Instructions for the task » Return exactly the span of lines in the following data that opens with the line containing "unnamed: D59.2, SW59.2" and closes with the line containing "ROW6: D37.1, D38.1, D39.1, D40.1, D41.1, D42.1". Include nothing else.

Given records »
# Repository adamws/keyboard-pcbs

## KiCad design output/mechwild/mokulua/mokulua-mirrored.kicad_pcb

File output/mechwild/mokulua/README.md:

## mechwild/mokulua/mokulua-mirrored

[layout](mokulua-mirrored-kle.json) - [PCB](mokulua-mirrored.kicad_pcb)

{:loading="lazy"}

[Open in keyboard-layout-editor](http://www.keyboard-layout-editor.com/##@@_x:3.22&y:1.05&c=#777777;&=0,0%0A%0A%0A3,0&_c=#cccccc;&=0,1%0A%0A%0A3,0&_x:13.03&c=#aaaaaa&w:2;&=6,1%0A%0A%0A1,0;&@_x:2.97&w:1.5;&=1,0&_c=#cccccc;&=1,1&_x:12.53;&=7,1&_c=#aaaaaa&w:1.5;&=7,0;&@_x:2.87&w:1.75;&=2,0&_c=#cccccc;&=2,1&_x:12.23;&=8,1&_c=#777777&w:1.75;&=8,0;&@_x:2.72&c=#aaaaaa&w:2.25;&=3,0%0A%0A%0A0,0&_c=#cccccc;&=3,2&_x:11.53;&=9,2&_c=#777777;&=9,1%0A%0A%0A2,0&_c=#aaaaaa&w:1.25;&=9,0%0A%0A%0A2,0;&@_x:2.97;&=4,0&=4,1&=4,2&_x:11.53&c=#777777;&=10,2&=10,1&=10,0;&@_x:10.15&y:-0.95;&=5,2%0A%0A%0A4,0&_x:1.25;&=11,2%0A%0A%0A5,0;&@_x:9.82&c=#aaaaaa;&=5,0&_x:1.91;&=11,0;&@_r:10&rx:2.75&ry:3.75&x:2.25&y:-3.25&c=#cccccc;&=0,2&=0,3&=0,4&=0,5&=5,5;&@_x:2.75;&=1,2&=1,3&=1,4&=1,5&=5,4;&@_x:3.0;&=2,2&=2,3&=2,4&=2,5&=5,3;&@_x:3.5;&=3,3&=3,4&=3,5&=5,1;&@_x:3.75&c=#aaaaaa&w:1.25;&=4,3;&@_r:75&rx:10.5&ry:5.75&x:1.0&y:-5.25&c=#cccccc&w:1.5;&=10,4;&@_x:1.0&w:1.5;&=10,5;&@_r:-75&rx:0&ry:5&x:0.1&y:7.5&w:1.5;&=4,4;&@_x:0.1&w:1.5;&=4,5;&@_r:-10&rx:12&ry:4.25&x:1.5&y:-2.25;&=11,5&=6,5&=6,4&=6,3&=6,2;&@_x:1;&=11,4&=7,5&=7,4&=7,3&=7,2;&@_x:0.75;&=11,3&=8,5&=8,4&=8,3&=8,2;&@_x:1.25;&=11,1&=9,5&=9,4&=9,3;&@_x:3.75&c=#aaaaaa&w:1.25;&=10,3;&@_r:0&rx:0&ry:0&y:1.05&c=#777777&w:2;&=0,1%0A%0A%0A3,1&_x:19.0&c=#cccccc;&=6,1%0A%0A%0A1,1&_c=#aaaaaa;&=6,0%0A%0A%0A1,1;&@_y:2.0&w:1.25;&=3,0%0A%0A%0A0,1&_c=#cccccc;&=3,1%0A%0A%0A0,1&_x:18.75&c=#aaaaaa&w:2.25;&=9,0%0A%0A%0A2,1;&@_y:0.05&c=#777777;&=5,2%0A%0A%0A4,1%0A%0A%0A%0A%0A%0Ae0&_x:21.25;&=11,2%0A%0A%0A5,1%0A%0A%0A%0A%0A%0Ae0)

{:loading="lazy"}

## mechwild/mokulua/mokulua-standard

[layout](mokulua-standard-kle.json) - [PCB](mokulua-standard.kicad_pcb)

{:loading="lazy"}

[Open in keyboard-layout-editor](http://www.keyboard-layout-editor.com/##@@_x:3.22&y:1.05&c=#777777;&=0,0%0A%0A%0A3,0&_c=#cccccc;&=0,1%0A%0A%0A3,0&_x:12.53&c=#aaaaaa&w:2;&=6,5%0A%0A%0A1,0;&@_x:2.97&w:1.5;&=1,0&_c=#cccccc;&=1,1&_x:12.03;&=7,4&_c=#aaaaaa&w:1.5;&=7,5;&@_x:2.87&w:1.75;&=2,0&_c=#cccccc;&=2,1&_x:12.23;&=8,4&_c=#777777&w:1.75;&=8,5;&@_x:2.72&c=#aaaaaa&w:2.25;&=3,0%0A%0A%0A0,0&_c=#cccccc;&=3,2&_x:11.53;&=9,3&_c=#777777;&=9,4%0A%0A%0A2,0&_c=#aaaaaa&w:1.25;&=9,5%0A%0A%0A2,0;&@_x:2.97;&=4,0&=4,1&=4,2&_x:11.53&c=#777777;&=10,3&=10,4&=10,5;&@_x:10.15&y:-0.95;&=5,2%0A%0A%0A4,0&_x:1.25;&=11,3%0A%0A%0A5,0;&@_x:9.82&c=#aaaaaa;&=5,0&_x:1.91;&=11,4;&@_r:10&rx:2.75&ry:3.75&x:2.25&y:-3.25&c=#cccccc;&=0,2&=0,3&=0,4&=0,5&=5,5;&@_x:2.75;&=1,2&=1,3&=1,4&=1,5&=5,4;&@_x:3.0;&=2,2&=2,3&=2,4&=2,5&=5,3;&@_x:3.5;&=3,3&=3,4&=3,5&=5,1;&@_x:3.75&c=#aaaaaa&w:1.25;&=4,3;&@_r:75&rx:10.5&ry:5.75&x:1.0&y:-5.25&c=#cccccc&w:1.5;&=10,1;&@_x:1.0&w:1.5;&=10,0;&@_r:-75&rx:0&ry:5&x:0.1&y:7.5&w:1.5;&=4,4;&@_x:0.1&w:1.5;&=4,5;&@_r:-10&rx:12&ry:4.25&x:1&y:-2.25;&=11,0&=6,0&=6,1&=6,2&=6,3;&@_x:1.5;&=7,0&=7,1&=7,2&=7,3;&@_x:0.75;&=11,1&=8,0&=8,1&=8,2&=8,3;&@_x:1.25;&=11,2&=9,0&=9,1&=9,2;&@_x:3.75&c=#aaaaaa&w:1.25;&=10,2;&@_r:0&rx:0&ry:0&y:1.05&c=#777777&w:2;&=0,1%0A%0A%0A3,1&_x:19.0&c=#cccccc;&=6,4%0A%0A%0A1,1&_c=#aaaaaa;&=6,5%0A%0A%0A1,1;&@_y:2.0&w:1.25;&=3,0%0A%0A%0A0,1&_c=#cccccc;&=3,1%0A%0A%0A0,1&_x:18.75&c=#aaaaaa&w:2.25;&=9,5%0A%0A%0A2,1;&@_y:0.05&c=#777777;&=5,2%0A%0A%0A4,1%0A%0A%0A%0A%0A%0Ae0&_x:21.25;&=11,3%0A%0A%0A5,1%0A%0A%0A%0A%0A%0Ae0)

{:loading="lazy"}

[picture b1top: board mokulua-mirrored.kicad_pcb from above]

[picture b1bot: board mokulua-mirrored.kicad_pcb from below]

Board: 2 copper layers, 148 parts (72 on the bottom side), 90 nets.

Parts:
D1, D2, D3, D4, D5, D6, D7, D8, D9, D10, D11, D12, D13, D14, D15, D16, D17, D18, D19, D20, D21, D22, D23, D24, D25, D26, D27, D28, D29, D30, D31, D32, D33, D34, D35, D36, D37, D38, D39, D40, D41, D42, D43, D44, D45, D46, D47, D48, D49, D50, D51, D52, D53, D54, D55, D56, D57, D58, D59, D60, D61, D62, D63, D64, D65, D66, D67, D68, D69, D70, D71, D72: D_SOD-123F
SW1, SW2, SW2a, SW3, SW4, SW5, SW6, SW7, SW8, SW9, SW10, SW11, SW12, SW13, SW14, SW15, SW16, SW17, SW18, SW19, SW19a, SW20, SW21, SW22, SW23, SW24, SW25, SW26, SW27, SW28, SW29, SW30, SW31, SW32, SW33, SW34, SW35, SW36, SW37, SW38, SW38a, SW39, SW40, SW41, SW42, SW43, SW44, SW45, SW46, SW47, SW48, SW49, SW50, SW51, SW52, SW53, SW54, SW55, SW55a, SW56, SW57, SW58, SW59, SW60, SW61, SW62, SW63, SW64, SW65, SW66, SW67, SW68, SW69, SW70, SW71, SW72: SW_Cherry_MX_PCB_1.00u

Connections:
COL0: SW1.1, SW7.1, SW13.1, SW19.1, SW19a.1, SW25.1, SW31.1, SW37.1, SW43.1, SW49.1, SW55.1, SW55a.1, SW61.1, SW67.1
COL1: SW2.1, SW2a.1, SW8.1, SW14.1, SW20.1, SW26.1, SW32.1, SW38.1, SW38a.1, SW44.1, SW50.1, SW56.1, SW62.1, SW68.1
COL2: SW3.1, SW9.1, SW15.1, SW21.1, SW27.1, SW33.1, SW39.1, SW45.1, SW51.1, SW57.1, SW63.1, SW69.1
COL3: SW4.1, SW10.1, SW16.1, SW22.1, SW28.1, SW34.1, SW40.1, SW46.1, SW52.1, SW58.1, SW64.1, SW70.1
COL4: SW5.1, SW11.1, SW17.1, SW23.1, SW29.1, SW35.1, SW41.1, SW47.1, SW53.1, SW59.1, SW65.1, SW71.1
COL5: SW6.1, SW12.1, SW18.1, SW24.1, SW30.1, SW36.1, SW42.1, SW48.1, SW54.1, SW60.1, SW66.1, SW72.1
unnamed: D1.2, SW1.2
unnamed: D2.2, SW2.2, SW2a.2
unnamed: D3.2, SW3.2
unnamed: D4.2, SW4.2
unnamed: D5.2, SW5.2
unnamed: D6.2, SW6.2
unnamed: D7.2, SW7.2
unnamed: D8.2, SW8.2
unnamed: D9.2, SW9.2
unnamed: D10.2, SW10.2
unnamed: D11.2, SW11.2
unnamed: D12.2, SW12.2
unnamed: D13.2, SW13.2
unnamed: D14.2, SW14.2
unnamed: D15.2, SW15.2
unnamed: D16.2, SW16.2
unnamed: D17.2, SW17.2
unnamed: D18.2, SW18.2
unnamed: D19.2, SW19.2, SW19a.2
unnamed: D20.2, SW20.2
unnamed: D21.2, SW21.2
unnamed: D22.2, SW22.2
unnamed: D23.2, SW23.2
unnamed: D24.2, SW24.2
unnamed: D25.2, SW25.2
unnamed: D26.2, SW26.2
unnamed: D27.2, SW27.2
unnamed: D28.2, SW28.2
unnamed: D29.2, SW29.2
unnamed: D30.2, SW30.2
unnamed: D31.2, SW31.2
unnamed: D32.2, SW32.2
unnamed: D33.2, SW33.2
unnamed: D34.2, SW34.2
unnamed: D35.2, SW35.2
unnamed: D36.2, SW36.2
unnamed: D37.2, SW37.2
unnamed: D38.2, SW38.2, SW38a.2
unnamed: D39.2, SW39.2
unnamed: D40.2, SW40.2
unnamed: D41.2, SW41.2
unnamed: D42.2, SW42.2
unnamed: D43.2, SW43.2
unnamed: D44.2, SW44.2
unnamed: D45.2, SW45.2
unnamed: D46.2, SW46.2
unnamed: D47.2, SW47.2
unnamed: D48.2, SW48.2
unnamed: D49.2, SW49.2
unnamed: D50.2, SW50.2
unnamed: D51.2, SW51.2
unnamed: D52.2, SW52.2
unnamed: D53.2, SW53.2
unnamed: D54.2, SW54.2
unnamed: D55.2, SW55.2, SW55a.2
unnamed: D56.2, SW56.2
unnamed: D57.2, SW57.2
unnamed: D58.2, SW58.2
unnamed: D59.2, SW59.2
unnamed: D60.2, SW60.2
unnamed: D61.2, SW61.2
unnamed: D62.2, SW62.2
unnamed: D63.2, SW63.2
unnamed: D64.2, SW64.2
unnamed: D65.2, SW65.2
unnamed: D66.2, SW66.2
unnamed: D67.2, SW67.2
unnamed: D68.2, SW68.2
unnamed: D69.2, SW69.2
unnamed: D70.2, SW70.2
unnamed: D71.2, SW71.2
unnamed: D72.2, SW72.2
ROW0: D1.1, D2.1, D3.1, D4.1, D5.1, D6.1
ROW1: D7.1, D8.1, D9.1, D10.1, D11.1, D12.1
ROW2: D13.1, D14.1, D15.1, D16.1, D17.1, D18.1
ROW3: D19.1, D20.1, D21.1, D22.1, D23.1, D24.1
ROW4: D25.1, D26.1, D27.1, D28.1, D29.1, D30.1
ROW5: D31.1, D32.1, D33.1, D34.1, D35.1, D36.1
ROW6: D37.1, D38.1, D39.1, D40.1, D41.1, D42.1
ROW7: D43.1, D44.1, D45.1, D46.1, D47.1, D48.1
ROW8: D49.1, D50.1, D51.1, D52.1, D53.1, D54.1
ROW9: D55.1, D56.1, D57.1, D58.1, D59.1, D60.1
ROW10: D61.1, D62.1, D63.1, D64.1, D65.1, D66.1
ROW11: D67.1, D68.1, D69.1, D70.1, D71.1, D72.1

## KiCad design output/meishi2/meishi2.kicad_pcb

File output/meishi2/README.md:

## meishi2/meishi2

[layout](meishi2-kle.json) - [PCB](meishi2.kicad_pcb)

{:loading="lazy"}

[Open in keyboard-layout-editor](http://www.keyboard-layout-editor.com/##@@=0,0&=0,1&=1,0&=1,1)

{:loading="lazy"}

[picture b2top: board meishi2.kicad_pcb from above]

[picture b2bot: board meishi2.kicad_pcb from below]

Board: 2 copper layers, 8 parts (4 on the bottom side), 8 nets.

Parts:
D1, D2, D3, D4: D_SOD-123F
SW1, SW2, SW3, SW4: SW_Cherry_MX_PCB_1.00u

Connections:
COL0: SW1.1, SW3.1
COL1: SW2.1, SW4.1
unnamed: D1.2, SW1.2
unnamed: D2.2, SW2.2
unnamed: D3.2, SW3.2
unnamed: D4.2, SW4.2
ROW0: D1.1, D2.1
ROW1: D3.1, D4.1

Task answer »
unnamed: D59.2, SW59.2
unnamed: D60.2, SW60.2
unnamed: D61.2, SW61.2
unnamed: D62.2, SW62.2
unnamed: D63.2, SW63.2
unnamed: D64.2, SW64.2
unnamed: D65.2, SW65.2
unnamed: D66.2, SW66.2
unnamed: D67.2, SW67.2
unnamed: D68.2, SW68.2
unnamed: D69.2, SW69.2
unnamed: D70.2, SW70.2
unnamed: D71.2, SW71.2
unnamed: D72.2, SW72.2
ROW0: D1.1, D2.1, D3.1, D4.1, D5.1, D6.1
ROW1: D7.1, D8.1, D9.1, D10.1, D11.1, D12.1
ROW2: D13.1, D14.1, D15.1, D16.1, D17.1, D18.1
ROW3: D19.1, D20.1, D21.1, D22.1, D23.1, D24.1
ROW4: D25.1, D26.1, D27.1, D28.1, D29.1, D30.1
ROW5: D31.1, D32.1, D33.1, D34.1, D35.1, D36.1
ROW6: D37.1, D38.1, D39.1, D40.1, D41.1, D42.1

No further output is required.